[Start of section]

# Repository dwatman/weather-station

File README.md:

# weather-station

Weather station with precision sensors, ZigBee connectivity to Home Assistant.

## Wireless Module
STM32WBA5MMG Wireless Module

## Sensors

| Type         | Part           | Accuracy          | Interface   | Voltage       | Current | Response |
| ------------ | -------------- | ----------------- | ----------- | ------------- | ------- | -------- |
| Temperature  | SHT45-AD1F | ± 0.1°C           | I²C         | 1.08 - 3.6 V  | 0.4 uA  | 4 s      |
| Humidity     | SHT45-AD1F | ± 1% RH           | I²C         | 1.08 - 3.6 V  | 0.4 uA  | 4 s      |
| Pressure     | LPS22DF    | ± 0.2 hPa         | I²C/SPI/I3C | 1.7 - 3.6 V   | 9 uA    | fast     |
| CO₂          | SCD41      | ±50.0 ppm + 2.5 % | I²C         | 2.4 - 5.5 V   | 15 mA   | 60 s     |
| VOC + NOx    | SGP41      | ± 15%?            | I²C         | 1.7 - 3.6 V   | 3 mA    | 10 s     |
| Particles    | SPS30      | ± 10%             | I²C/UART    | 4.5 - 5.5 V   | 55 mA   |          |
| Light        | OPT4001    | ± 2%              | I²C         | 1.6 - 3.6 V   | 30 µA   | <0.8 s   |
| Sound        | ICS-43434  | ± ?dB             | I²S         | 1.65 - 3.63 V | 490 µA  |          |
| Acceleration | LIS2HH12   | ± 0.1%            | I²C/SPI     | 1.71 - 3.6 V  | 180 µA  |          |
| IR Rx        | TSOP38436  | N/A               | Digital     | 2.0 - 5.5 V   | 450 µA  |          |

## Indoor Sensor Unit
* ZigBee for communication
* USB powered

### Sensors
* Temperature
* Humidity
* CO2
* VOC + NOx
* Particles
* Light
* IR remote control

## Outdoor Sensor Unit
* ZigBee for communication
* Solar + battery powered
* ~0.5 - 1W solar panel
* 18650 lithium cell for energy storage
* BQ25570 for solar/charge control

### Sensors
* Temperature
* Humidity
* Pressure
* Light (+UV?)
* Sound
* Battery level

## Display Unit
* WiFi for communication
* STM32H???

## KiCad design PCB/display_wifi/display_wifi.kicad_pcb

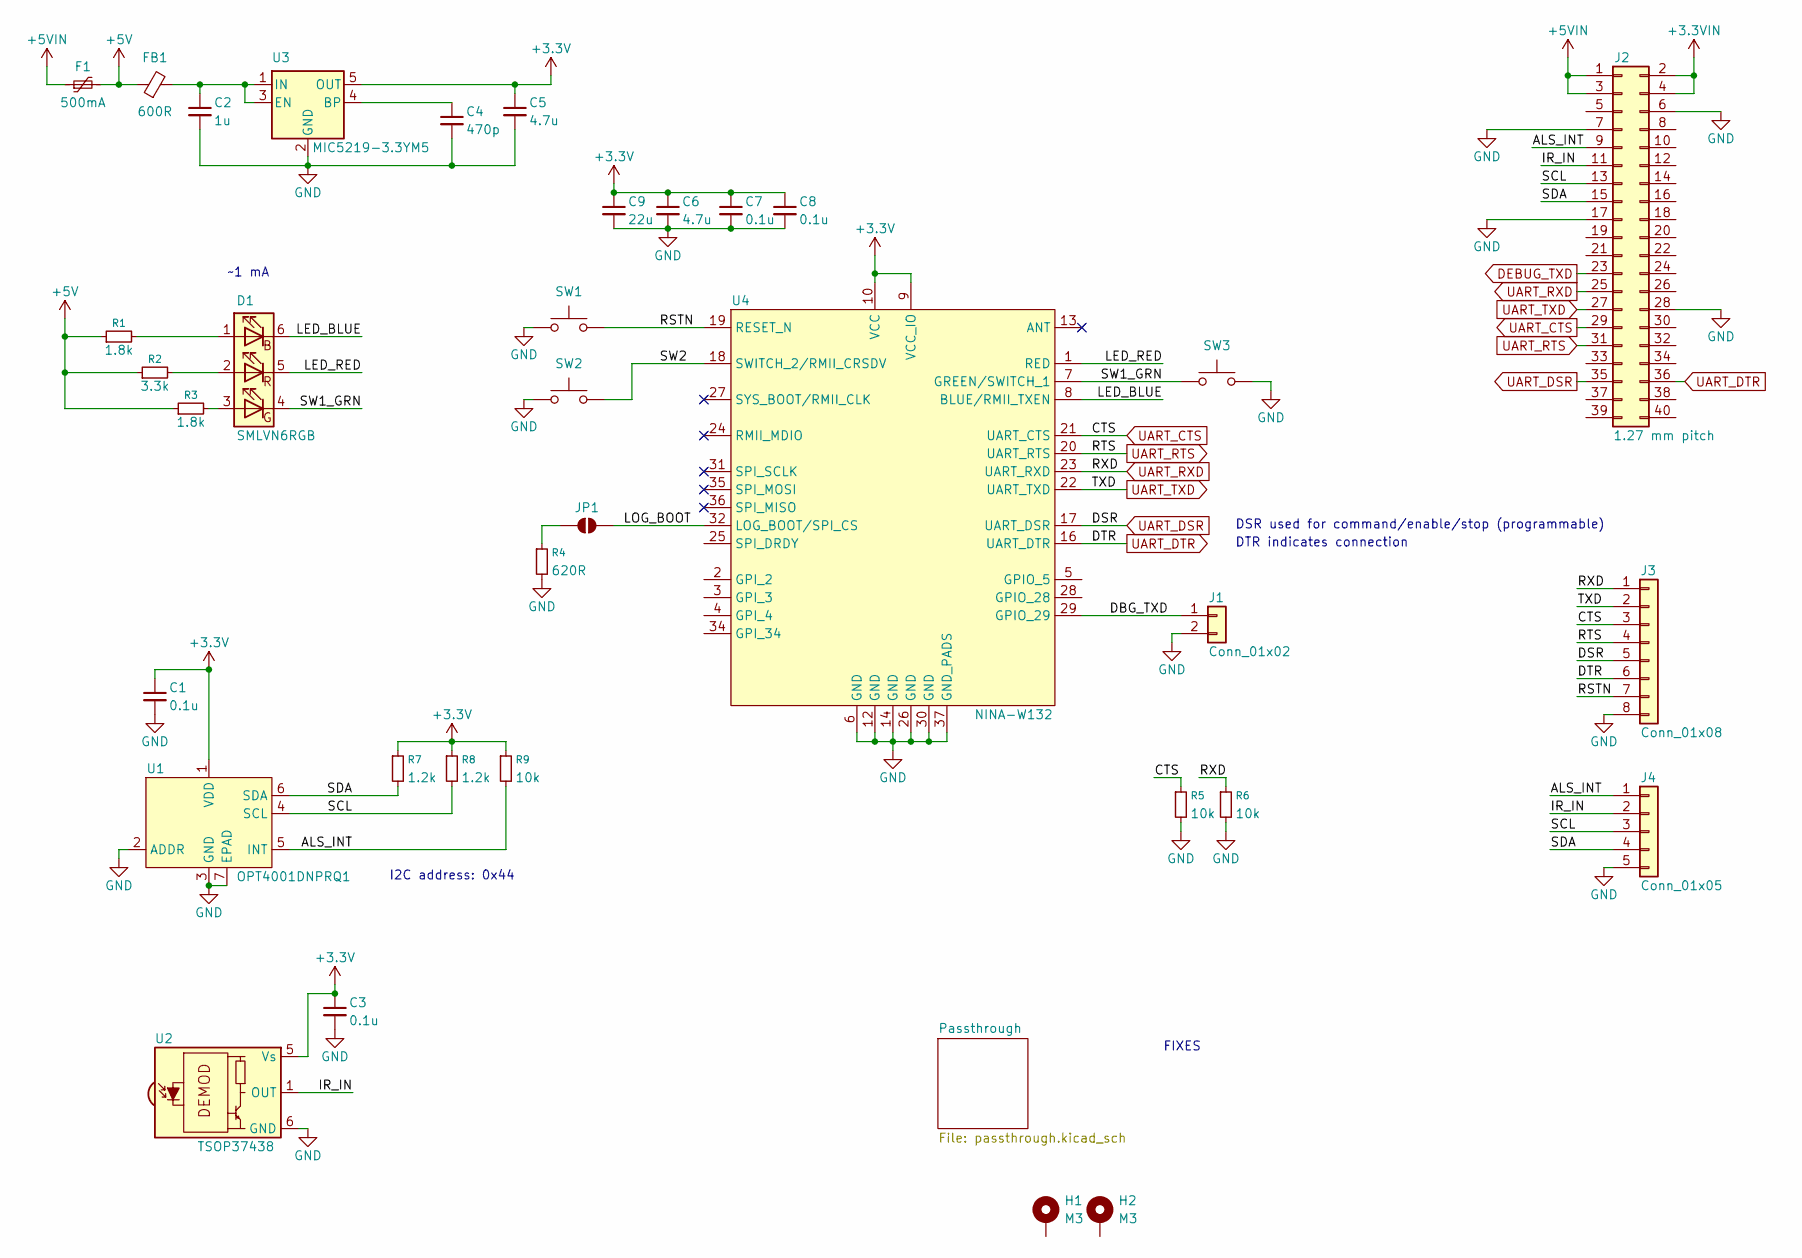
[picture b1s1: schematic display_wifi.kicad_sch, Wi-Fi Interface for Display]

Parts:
C1, C3, C7, C8: 0.1u; C_0402_1005Metric; MPN CL05B104KA5NNNC; Mouser PN 187-CL05B104KA5NNNC
C2: 1u; C_0402_1005Metric; MPN CL05A105KA5NQNC; Mouser PN 187-CL05A105KA5NQNC
C4: 470p; C_0402_1005Metric; MPN GRM1555C2A471JE01D; Mouser PN 81-GRM1555C2A471JE1D
C5, C6: 4.7u; C_0603_1608Metric; MPN CL10A475KO8NNNC; Mouser PN 187-CL10A475KO8NNNC
C9: 22u; C_1210_3225Metric
D1: SMLVN6RGB; LED_ROHM_SMLVN6; MPN SMLVN6RGB7W1; Mouser PN 755-SMLVN6RGB7W1
F1: 500mA; Fuse_1206_3216Metric; MPN MF-NSMF050-2; Mouser PN 652-MF-NSMF050-2
FB1: 600R; L_0805_2012Metric; MPN BLM21SP601SZ1D; Mouser PN 81-BLM21SP601SZ1D
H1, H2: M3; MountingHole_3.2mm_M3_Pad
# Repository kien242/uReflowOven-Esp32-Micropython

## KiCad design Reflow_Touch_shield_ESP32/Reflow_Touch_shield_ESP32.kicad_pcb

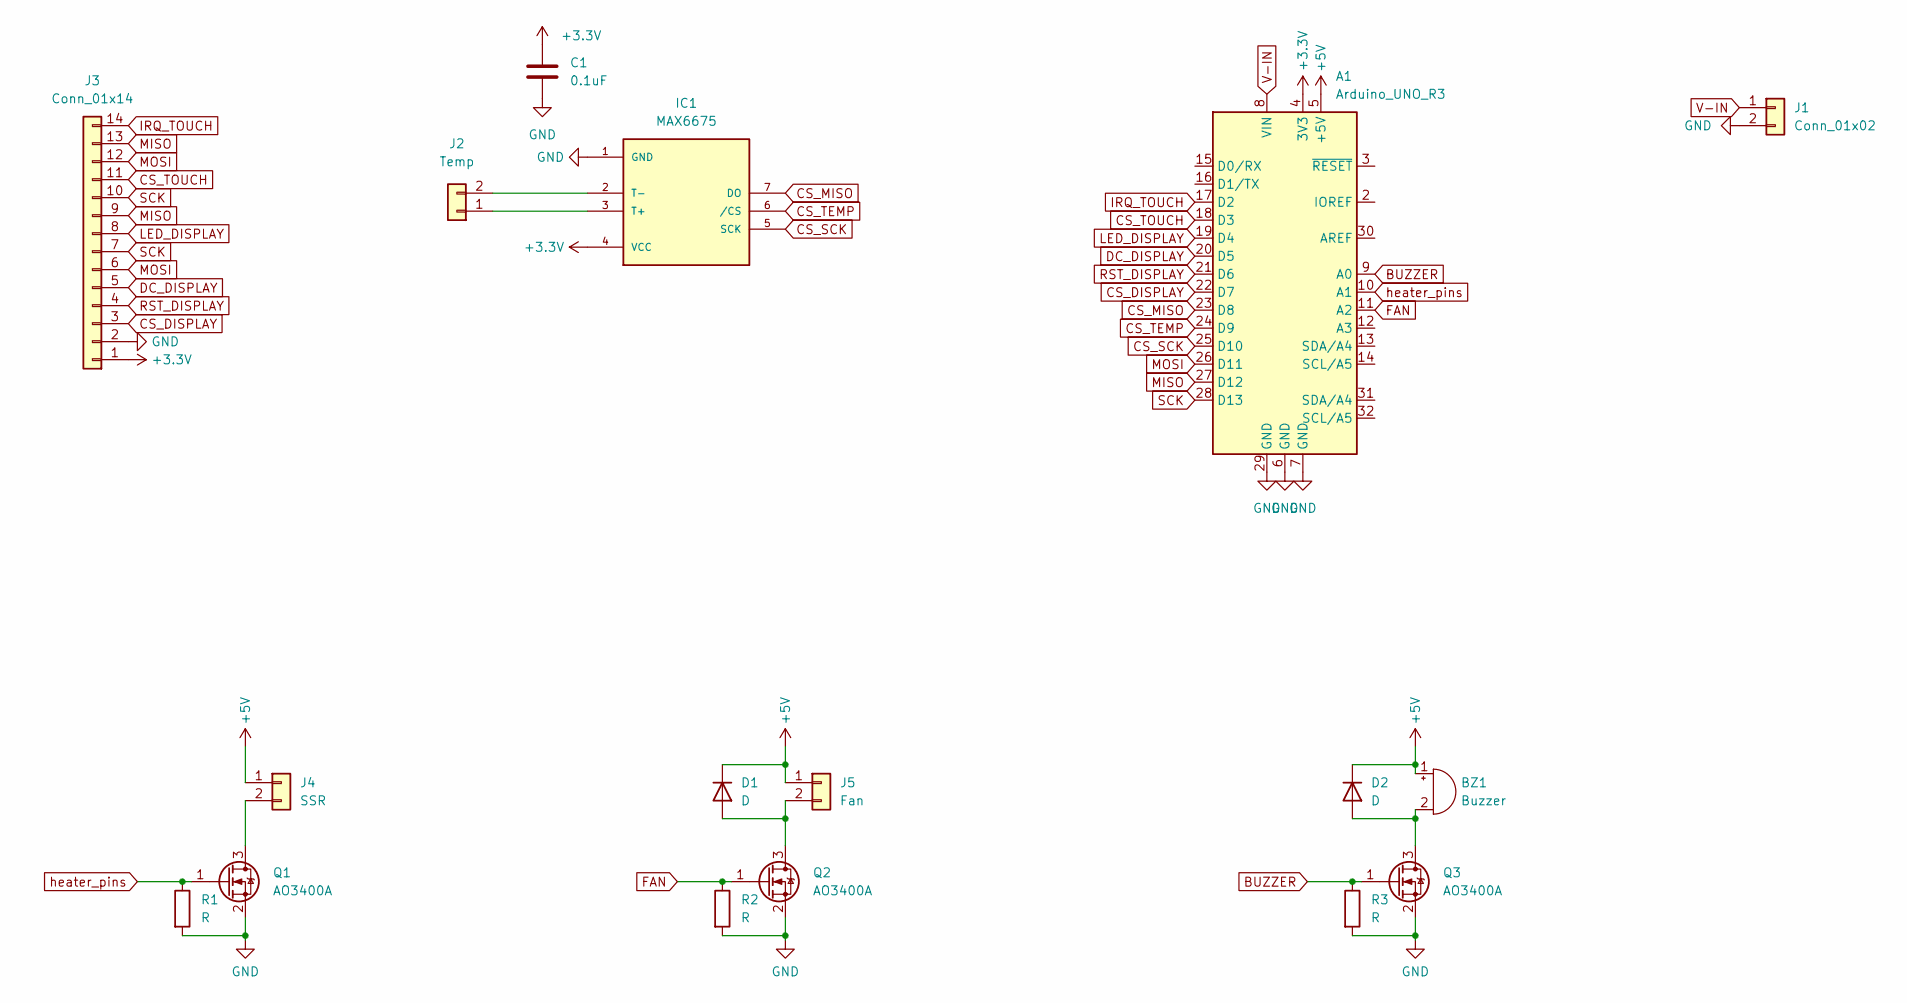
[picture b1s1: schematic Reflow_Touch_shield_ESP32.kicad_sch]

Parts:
A1: Arduino_UNO_R3
BZ1: Buzzer; MagneticBuzzer_CUI_CMT-8504-100-SMT
C1: 0.1uF; C_0603_1608Metric_Pad1.08x0.95mm_HandSolder
D1, D2: D; D_SOD-123
IC1: MAX6675; SO08
J1: Conn_01x02; TerminalBlock_Phoenix_MKDS-1,5-2-5.08_1x02_P5.08mm_Horizont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
J2: Temp; JST_EH_S2B-EH_1x02_P2.50mm_Horizontal
J3: Conn_01x14; ILI9341_PCB
J4: SSR; JST_EH_S2B-EH_1x02_P2.50mm_Horizontal
J5: Fan; JST_EH_S2B-EH_1x02_P2.50mm_Horizontal
Q1, Q2, Q3: AO3400A; SOT-23_Handsoldering
R1, R2, R3: R; R_0603_1608Metric_Pad0.98x0.95mm_HandSolder

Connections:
+3.3V: A1.4 (3V3), C1.1, IC1.4 (VCC), J3.1
+5V: A1.5 (+5V), BZ1.1 (-), D1.1 (K), D2.1 (K), J4.1, J5.1
BUZZER: A1.9 (A0), Q3.1 (G), R3.1
CS_DISPLAY: A1.22 (D7), J3.3
CS_MISO: A1.23 (D8), IC1.7 (DO)
CS_SCK: A1.25 (D10), IC1.5 (SCK)
CS_TEMP: A1.24 (D9), IC1.6 (/CS)
CS_TOUCH: A1.18 (D3), J3.11
DC_DISPLAY: A1.20 (D5), J3.5
FAN: A1.11 (A2), Q2.1 (G), R2.1
GND: A1.6 (GND), A1.7 (GND), A1.29 (GND), C1.2, IC1.1 (GND), J1.2, J3.2, Q1.2 (S), Q2.2 (S), Q3.2 (S), R1.2, R2.2, R3.2
IRQ_TOUCH: A1.17 (D2), J3.14
LED_DISPLAY: A1.19 (D4), J3.8
MISO: A1.27 (D12), J3.9, J3.13
MOSI: A1.26 (D11), J3.6, J3.12
unnamed: BZ1.2 (+), D2.2 (A), Q3.3 (D)
unnamed: D1.2 (A), J5.2, Q2.3 (D)
unnamed: IC1.2 (T-), J2.2
unnamed: IC1.3 (T+), J2.1
unnamed: J4.2, Q1.3 (D)
RST_DISPLAY: A1.21 (D6), J3.4
SCK: A1.28 (D13), J3.7, J3.10
V-IN: A1.8 (VIN), J1.1
heater_pins: A1.10 (A1), Q1.1 (G), R1.1

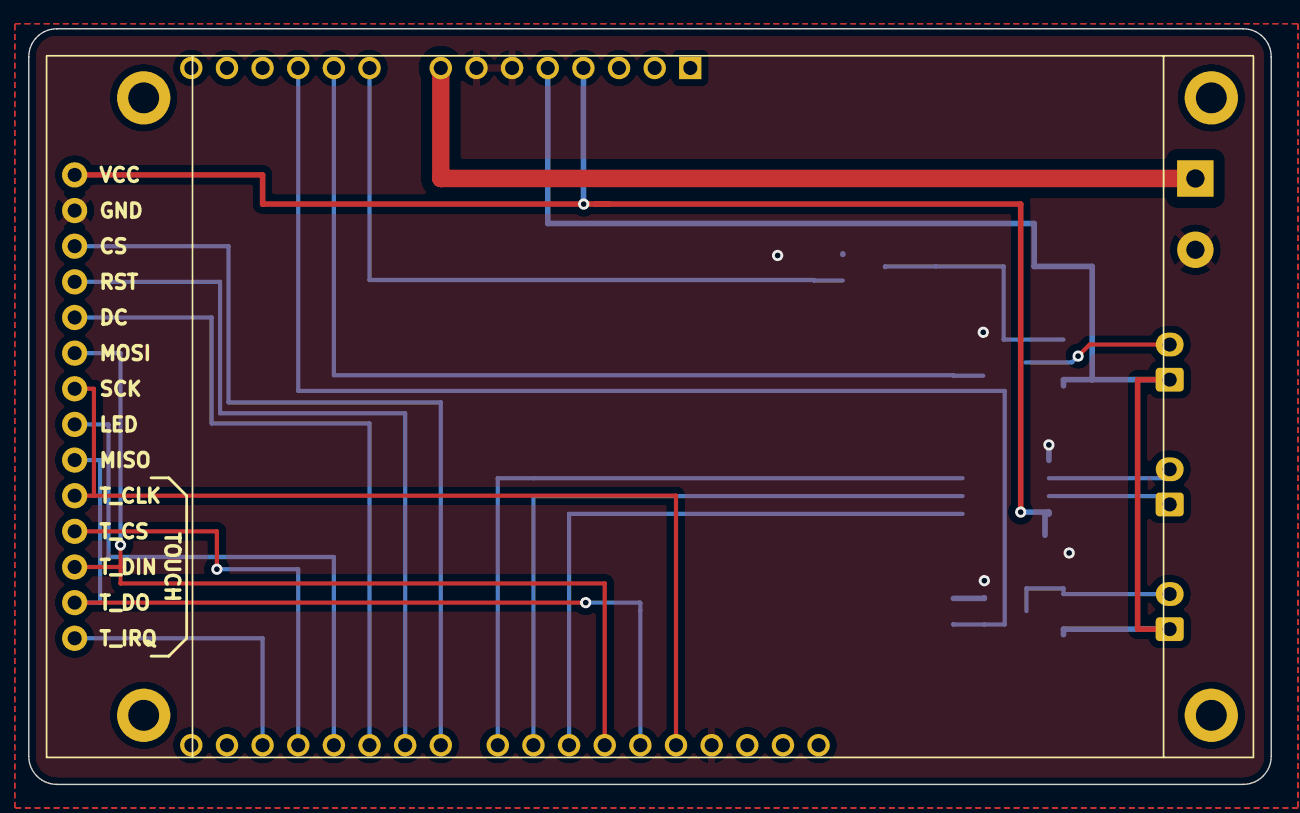
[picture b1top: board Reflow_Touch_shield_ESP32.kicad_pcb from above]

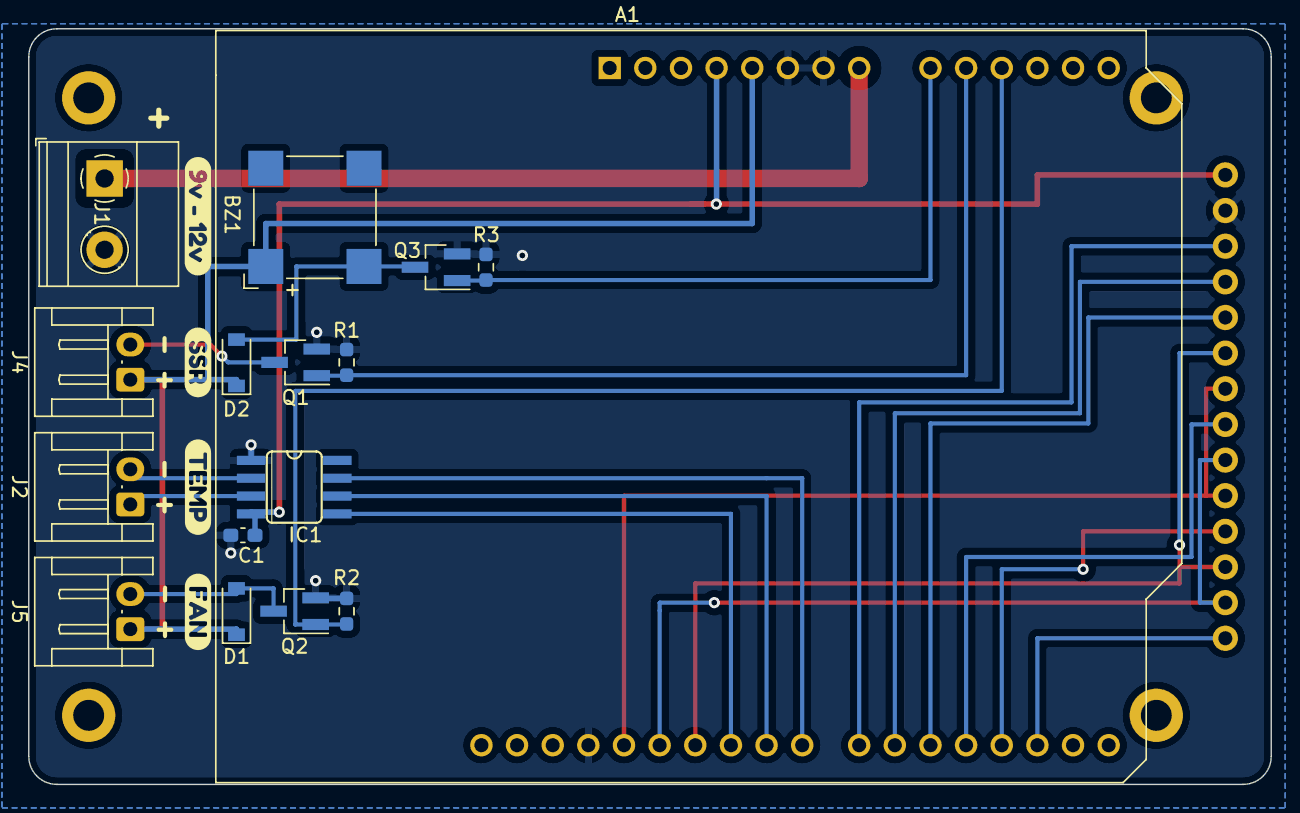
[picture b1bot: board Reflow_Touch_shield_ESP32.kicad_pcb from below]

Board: 2 copper layers, 88.5 x 53.8 mm, 21 parts (20 on the bottom side), 24 nets.

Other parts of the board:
kibuzzard-632DE3A2: G***; kibuzzard-632DE3A2
kibuzzard-632DE3CE: G***; kibuzzard-632DE3CE
kibuzzard-632DE383: G***; kibuzzard-632DE383
kibuzzard-632DE399: G***; kibuzzard-632DE399

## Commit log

2022-09-06 add PCB
2022-09-18 Update PCB

[End of section]

Task instructions:
If a line of the entries holds the word "schematic", copy it out.

Final answer:
[picture b1s1: schematic display_wifi.kicad_sch, Wi-Fi Interface for Display]
[picture b1s1: schematic Reflow_Touch_shield_ESP32.kicad_sch]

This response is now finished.